I've got a LR AWD running 8.4 and I believe that the rated consumption is actually being calculated at 246Wh/mi (even though the line is at 250 as you say.) [the estimated range matches the calculated range when the running avg is 246... the dashed line shows as being just a little under the solid "rated" line.]

Is it possible that it is now allowing for tires as well (I'm running the 19" procontact)


----------



## jsmay311 (Oct 2, 2017)

I finally got around to charging to 100% and got 315 miles. 

Not sure which answer on the poll to choose tho.


----------



## RichEV (Sep 21, 2017)

jsmay311 said:


> I finally got around to charging to 100% and got 315 miles.
> 
> Not sure which answer on the poll to choose tho.
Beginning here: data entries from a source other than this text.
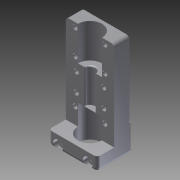
# Autodesk Inventor part: Z move left
Saved by Autodesk Inventor 2012 (Build 160160000, 160)
## iProperties
Created: 2013-02-04
Part Number: Z move left
Material: Default
Document SubType Name: Modeling
Designer: mce
Density: 1 g/cm^3
Mass: 50.5221 g
Surface Area: 165.701 cm^2
Volume: 50.5221 cm^3
Author: mce
Autodesk Inventor part; units mm, degrees
ref_plane "YZ Plane" through (0, 0, 0) normal (1, 0, 0) x (0, 1, 0)
ref_plane "XZ Plane" through (0, 0, 0) normal (0, 1, 0) x (-1, 0, 0)
ref_plane "XY Plane" through (0, 0, 0) normal (0, 0, 1) x (1, 0, 0)
sketch "Sketch1" plane through (0, 0, 0) normal (0, 0, 1) x (1, 0, 0)
  line L0 (0, 0) -> (42.4, 0)
  line L1 (42.4, 0) -> (42.4, 30)
  line L2 (42.4, 30) -> (0, 30)
  line L3 (0, 30) -> (0, 0)
  circle A0 centre (21.2, 15) radius 4.5
  dimension "d0" = 42.4
  dimension "d1" = 30
  dimension "d2" = 21.2
  dimension "d3" = 15
  dimension "d4" = 9
  constraints: 8 end point, 2 horizontal, 2 vertical, 1 centre point
  measures "d0" distance of L0.start L0.end
  measures "d1" distance of L2.end L0.start
  measures "d2" distance from line of L3 A0.centre
  measures "d3" distance from line of L0 A0.centre
  measures "d4" diameter of A0
extrude "Extrusion1" add sketch "Sketch1" along normal blind 90
sketch "Sketch2" plane through (0, 0, 90) normal (0, 0, 1) x (1, 0, 0)
  circle A0 centre (21.2, 15) radius 4.5 projected
  circle A1 centre (21.2, 15) radius 10.5
  dimension "d7" = 21
  constraints: 1 centre point, 1 coincident
  measures "d7" diameter of A1
sketch "Sketch3" plane through (0, 0, 0) normal (0, 0, -1) x (-1, 0, 0)
  circle A0 centre (-21.2, 15) radius 4.5 projected
  circle A1 centre (-21.2, 15) radius 10.5
  dimension "d8" = 21
  constraints: 1 centre point, 1 coincident
  measures "d8" diameter of A1
extrude "Extrusion2" cut sketch "Sketch2" against normal blind 30
sketch "Sketch4" plane through (0, 0, 0) normal (0, -1, 0) x (1, 0, 0)
  line L0 (0, 0) -> (42.4, 0) projected
  line L1 (42.4, 0) -> (42.4, 90) projected
  line L2 (0, 90) -> (42.4, 90)
  line L3 (42.4, 90) -> (42.4, 12)
  line L4 (42.4, 12) -> (0, 12)
  line L5 (0, 12) -> (0, 90)
  dimension "d11" = 12
  constraints: 8 end point, 1 point on line
  measures "d11" distance between parallel lines of L4 L0
extrude "Extrusion3" cut sketch "Sketch4" against normal blind 15
extrude "Extrusion4" cut sketch "Sketch3" against normal blind 30
sketch "Sketch5" plane through (0, 0, 0) normal (0, -1, 0) x (1, 0, 0)
  line L0 (0, 0) -> (42.4, 0) projected
  circle A0 centre (8.2, 4) radius 2.1
  circle A1 centre (34.2, 4) radius 2.1
  circle A2 centre (34.2, 26) radius 2.1
  circle A3 centre (8.2, 26) radius 2.1
  circle A4 centre (8.2, 86) radius 2.1
  circle A5 centre (8.2, 64) radius 2.1
  circle A6 centre (34.2, 86) radius 2.1
  circle A7 centre (34.2, 64) radius 2.1
  line L1 (0, 12) -> (0, 90) projected
  line L2 (8.2, 75.2078) -> (8.2, -13.8243) construction
  line L3 (34.2, 77.256) -> (34.2, -15.4673) construction
  line L4 (42.4, 90) -> (42.4, 12) construction
  line L5 (0, 90) -> (10.7, 90) construction
  line L6 (31.7, 90) -> (42.4, 90) construction
  dimension "d16" = 4.2
  dimension "d18" = 8.2
  dimension "d19" = 4
  dimension "d20" = 22
  dimension "d21" = 4
  dimension "d22" = 22
  dimension "d23" = 8.2
  dimension "d24" = 4
  dimension "d25" = 22
  dimension "d26" = 4
  dimension "d27" = 22
  constraints: 8 centre point, 8 point on line, 7 equal radius, 4 end point, 1 vertical
  measures "d16" diameter of A4
  measures "d18" distance between parallel lines of L3 L4
  measures "d19" distance from line of A4.centre L5
  measures "d20" distance of A4.centre A5.centre
  measures "d21" distance from line of L6 A6.centre
  measures "d22" distance of A7.centre A6.centre
  measures "d23" distance between parallel lines of L1 L2
  measures "d24" distance from line of L0 A0.centre
  measures "d25" distance of A3.centre A0.centre
  measures "d26" distance from line of L0 A1.centre
  measures "d27" distance of A2.centre A1.centre
extrude "Extrusion5" cut sketch "Sketch5" against normal through all
sketch "Sketch6" plane through (0, 30, 0) normal (0, 1, 0) x (1, 0, 0)
  circle A0 centre (34.2, -64) radius 2.1 projected
  circle A1 centre (34.2, -86) radius 2.1 projected
  circle A2 centre (8.2, -64) radius 2.1 projected
  circle A3 centre (8.2, -86) radius 2.1 projected
  line L0 (12.2992, -64) -> (10.2496, -67.55)
  line L1 (10.2496, -67.55) -> (6.1504, -67.55)
  line L2 (6.1504, -67.55) -> (4.1008, -64)
  line L3 (4.1008, -64) -> (6.1504, -60.45)
  line L4 (6.1504, -60.45) -> (10.2496, -60.45)
  line L5 (10.2496, -60.45) -> (12.2992, -64)
  line L6 (38.2992, -64) -> (36.2496, -67.55)
  line L7 (36.2496, -67.55) -> (32.1504, -67.55)
  line L8 (32.1504, -67.55) -> (30.1008, -64)
  line L9 (30.1008, -64) -> (32.1504, -60.45)
  line L10 (32.1504, -60.45) -> (36.2496, -60.45)
  line L11 (36.2496, -60.45) -> (38.2992, -64)
  line L12 (38.2992, -86) -> (36.2496, -89.55)
  line L13 (36.2496, -89.55) -> (32.1504, -89.55)
  line L14 (32.1504, -89.55) -> (30.1008, -86)
  line L15 (30.1008, -86) -> (32.1504, -82.45)
  line L16 (32.1504, -82.45) -> (36.2496, -82.45)
  line L17 (36.2496, -82.45) -> (38.2992, -86)
  line L18 (12.2992, -86) -> (10.2496, -89.55)
  line L19 (10.2496, -89.55) -> (6.1504, -89.55)
  line L20 (6.1504, -89.55) -> (4.1008, -86)
  line L21 (4.1008, -86) -> (6.1504, -82.45)
  line L22 (6.1504, -82.45) -> (10.2496, -82.45)
  line L23 (10.2496, -82.45) -> (12.2992, -86)
  point P0 (8.2, -89.55)
  dimension "d30" = 7.1
  constraints: 48 end point, 4 coincident, 4 horizontal, 3 equal length, 1 midpoint, 52 other
  measures "d30" distance between parallel lines of L22 L19
extrude "Extrusion6" cut sketch "Sketch6" against normal blind 7
sketch "Sketch7" plane through (0, 0, 0) normal (0, -1, 0) x (1, 0, 0)
  circle A0 centre (34.2, 4) radius 2.1 projected
  circle A1 centre (8.2, 4) radius 2.1 projected
  circle A2 centre (8.2, 4) radius 4.25
  circle A3 centre (34.2, 4) radius 4.25
  dimension "d33" = 8.5
  constraints: 2 centre point, 2 coincident, 1 equal radius
  measures "d33" diameter of A2
extrude "Extrusion7" cut sketch "Sketch7" against normal blind 4
fillet "Fillet1" radius 3 1 edges at (42.4, 15, 0)
sketch "Sketch8" plane through (0, 30, 90) normal (0, 1, 0) x (1, 0, 0)
  line L0 (39.4, 90) -> (0, 90) projected
  line L1 (42.4, 87) -> (42.4, 0) projected
  line L2 (10.2496, 7.55) -> (12.2992, 4) projected
  line L3 (12.2992, 4) -> (10.2496, 0.45) projected
  line L4 (10.2496, 0.45) -> (6.1504, 0.45) projected
  line L5 (6.1504, 0.45) -> (4.1008, 4) projected
  line L6 (4.1008, 4) -> (6.1504, 7.55) projected
  line L7 (6.1504, 7.55) -> (10.2496, 7.55) projected
  line L8 (10.2496, 29.55) -> (12.2992, 26) projected
  line L9 (12.2992, 26) -> (10.2496, 22.45) projected
  line L10 (10.2496, 22.45) -> (6.1504, 22.45) projected
  line L11 (6.1504, 22.45) -> (4.1008, 26) projected
  line L12 (4.1008, 26) -> (6.1504, 29.55) projected
  line L13 (6.1504, 29.55) -> (10.2496, 29.55) projected
  line L14 (36.2496, 29.55) -> (38.2992, 26) projected
  line L15 (38.2992, 26) -> (36.2496, 22.45) projected
  line L16 (36.2496, 22.45) -> (32.1504, 22.45) projected
  line L17 (32.1504, 22.45) -> (30.1008, 26) projected
  line L18 (30.1008, 26) -> (32.1504, 29.55) projected
  line L19 (32.1504, 29.55) -> (36.2496, 29.55) projected
  line L20 (36.2496, 7.55) -> (38.2992, 4) projected
  line L21 (38.2992, 4) -> (36.2496, 0.45) projected
  line L22 (36.2496, 0.45) -> (32.1504, 0.45) projected
  line L23 (32.1504, 0.45) -> (30.1008, 4) projected
  line L24 (30.1008, 4) -> (32.1504, 7.55) projected
  line L25 (32.1504, 7.55) -> (36.2496, 7.55) projected
  line L26 (0, 0) -> (42.4, 0)
  line L27 (42.4, 0) -> (42.4, 66)
  line L28 (42.4, 66) -> (0, 66)
  line L29 (0, 66) -> (0, 0)
  dimension "d38" = 24
  constraints: 8 end point, 1 point on line
  measures "d38" distance between parallel lines of L0 L28
extrude "Extrusion8" cut sketch "Sketch8" against normal blind 1
fillet "Fillet2" radius 3 1 edges at (0, 15, 0)
fillet "Fillet3" radius 3 7 edges at (37.5181, 0, 0) (41.5213, 0, 0.8787) (42.4, 0, 7.5) (21.2, 0, 0) (0.8787, 0, 0.8787) (0, 0, 7.5) (4.8819, 0, 0)
fillet "Fillet4" radius 1 12 edges at (0, 29, 57) (21.2, 29, 90) (0.8787, 30, 0.8787) (21.2, 30, 0) (41.5213, 30, 0.8787) (42.4, 30, 13.5) (0, 30, 13.5) (42.4, 29, 57) (21.2, 19.5, 60) (21.2, 19.5, 30) (25.7, 15, 45) (16.7, 15, 45)
sketch "Sketch9" plane through (0, 0, 30) normal (0, 0, -1) x (-1, 0, 0)
  arc A0 (-15.7, 15) -> (-26.7, 15) centre (-21.2, 15) ccw projected
  arc A1 (-10.7, 15) -> (-31.7, 15) centre (-21.2, 15) ccw projected
  arc A2 (-15.7, 15) -> (-26.7, 15) centre (-21.2, 15) ccw
  line L0 (-31.7, 15) -> (-10.7, 15)
  point P0 (0, 0)
  constraints: 2 end point, 2 point on circle, 2 point on line, 1 centre point, 1 coincident, 1 concentric
extrude "Extrusion9" add sketch "Sketch9" against normal blind 0.2 contours L0 A0
fillet "Fillet5" radius 3 4 edges at (0, 21.5, 90) (0.2929, 28.7071, 89.7071) (42.1071, 28.7071, 89.7071) (42.4, 21.5, 90)
sketch "Sketch11" plane through (0, 29, 90) normal (0, 1, 0) x (1, 0, 0)
  circle A0 centre (9.2, 53) radius 2.1
  circle A1 centre (33.2, 53) radius 2.1
  circle A2 centre (33.2, 37) radius 2.1
  circle A3 centre (9.2, 37) radius 2.1
  line L0 (0, 66) -> (0, 3) projected
  line L1 (39.4, 90) -> (3, 90) projected
  line L2 (42.4, 3) -> (42.4, 66) projected
  point P0 (0, 90)
  point P1 (0, 67)
  point P2 (42.4, 67)
  dimension "d55" = 4.2
  dimension "d56" = 9.2
  dimension "d57" = 37
  dimension "d58" = 16
  dimension "d59" = 9.2
  constraints: 4 centre point, 3 equal radius, 2 horizontal alignment, 2 vertical alignment
  measures "d55" diameter of A0
  measures "d56" distance from line of L0 A0.centre
  measures "d57" distance from line of L1 A0.centre
  measures "d58" distance of A0.centre A3.centre
  measures "d59" distance from line of L2 A1.centre
extrude "Extrusion11" cut sketch "Sketch11" against normal through all
sketch "Sketch12" plane through (0, 29, 90) normal (0, 1, 0) x (1, 0, 0)
  circle A0 centre (9.2, 37) radius 2.1 projected
  circle A1 centre (33.2, 37) radius 2.1 projected
  circle A2 centre (33.2, 53) radius 2.1 projected
  circle A3 centre (9.2, 53) radius 2.1 projected
  line L0 (10.2496, 29.55) -> (6.1504, 29.55) projected
  line L1 (13.2992, 53) -> (11.2496, 49.45)
  line L2 (11.2496, 49.45) -> (7.1504, 49.45)
  line L3 (7.1504, 49.45) -> (5.1008, 53)
  line L4 (5.1008, 53) -> (7.1504, 56.55)
  line L5 (7.1504, 56.55) -> (11.2496, 56.55)
  line L6 (11.2496, 56.55) -> (13.2992, 53)
  line L7 (37.2992, 53) -> (35.2496, 49.45)
  line L8 (35.2496, 49.45) -> (31.1504, 49.45)
  line L9 (31.1504, 49.45) -> (29.1008, 53)
  line L10 (29.1008, 53) -> (31.1504, 56.55)
  line L11 (31.1504, 56.55) -> (35.2496, 56.55)
  line L12 (35.2496, 56.55) -> (37.2992, 53)
  line L13 (37.2992, 37) -> (35.2496, 33.45)
  line L14 (35.2496, 33.45) -> (31.1504, 33.45)
  line L15 (31.1504, 33.45) -> (29.1008, 37)
  line L16 (29.1008, 37) -> (31.1504, 40.55)
  line L17 (31.1504, 40.55) -> (35.2496, 40.55)
  line L18 (35.2496, 40.55) -> (37.2992, 37)
  line L19 (13.2992, 37) -> (11.2496, 33.45)
  line L20 (11.2496, 33.45) -> (7.1504, 33.45)
  line L21 (7.1504, 33.45) -> (5.1008, 37)
  line L22 (5.1008, 37) -> (7.1504, 40.55)
  line L23 (7.1504, 40.55) -> (11.2496, 40.55)
  line L24 (11.2496, 40.55) -> (13.2992, 37)
  point P0 (0, 90)
  constraints: 48 end point, 4 coincident, 4 equal length, 4 horizontal, 52 other
extrude "Extrusion12" cut sketch "Sketch12" against normal blind 6
sketch "Sketch10" plane through (42.4, 3, 12) normal (1, 0, 0) x (0, 0, -1)
  circle A0 centre (-49, 20) radius 3
  circle A1 centre (-17, 20) radius 3
  line L0 (-78, 25) -> (-78, 12) projected
  line L1 (12, 0) -> (12, 26) projected
  line L2 (-75, 26) -> (-12, 26) projected
  point P0 (12, -3)
  dimension "d47" = 6
  dimension "d48" = 29
  dimension "d49" = 29
  dimension "d52" = 6
  dimension "d53" = 6
  constraints: 2 centre point, 1 equal radius
  measures "d47" diameter of A0
  measures "d48" distance from line of L0 A0.centre
  measures "d49" distance from line of A1.centre L1
  measures "d52" distance from line of L2 A0.centre
  measures "d53" distance from line of L2 A1.centre
equation "\"d18\" = d23"
equation "\"d22\" = d20"
equation "\"d27\" = d25"
body "Solid1"

Guess I should have said 310-314.99


----------



## silvanojr (Jan 21, 2018)

2019.8.5 still seeing 310mi


----------



## Ken Voss (Feb 2, 2017)

From the survey it seems only 25% who responded get over 320 miles on a full charge, while 42% get under 315 miles. For a car that is advertised to get 325 mile range, that's not good! 

Since updating to 2019.8.5 on 2 different occasions I have run down the battery <4% and charged up to 100% in an attempt to help calibrate. But no luck, I only get 312 miles at 100%, that's 4% short of the advertised 325 mile range.

Over the year I have had the car, I have only charged to a full 100% one other time but in the last few weeks I have been paying close attention and there is another "full charge" behavior that I find odd. While I show 312 with a 100% charge, the battery consumption for the first few miles is drastic, it quickly drops from 312 down to 302 miles in the first 5 miles of normal driving and after that it battery depletion seems to level out and behaves normally. So really while it displays 312 at a full charge, it is realistically about 5 miles less than that or 307 miles, that's 5% short of the advertised 325 mile range.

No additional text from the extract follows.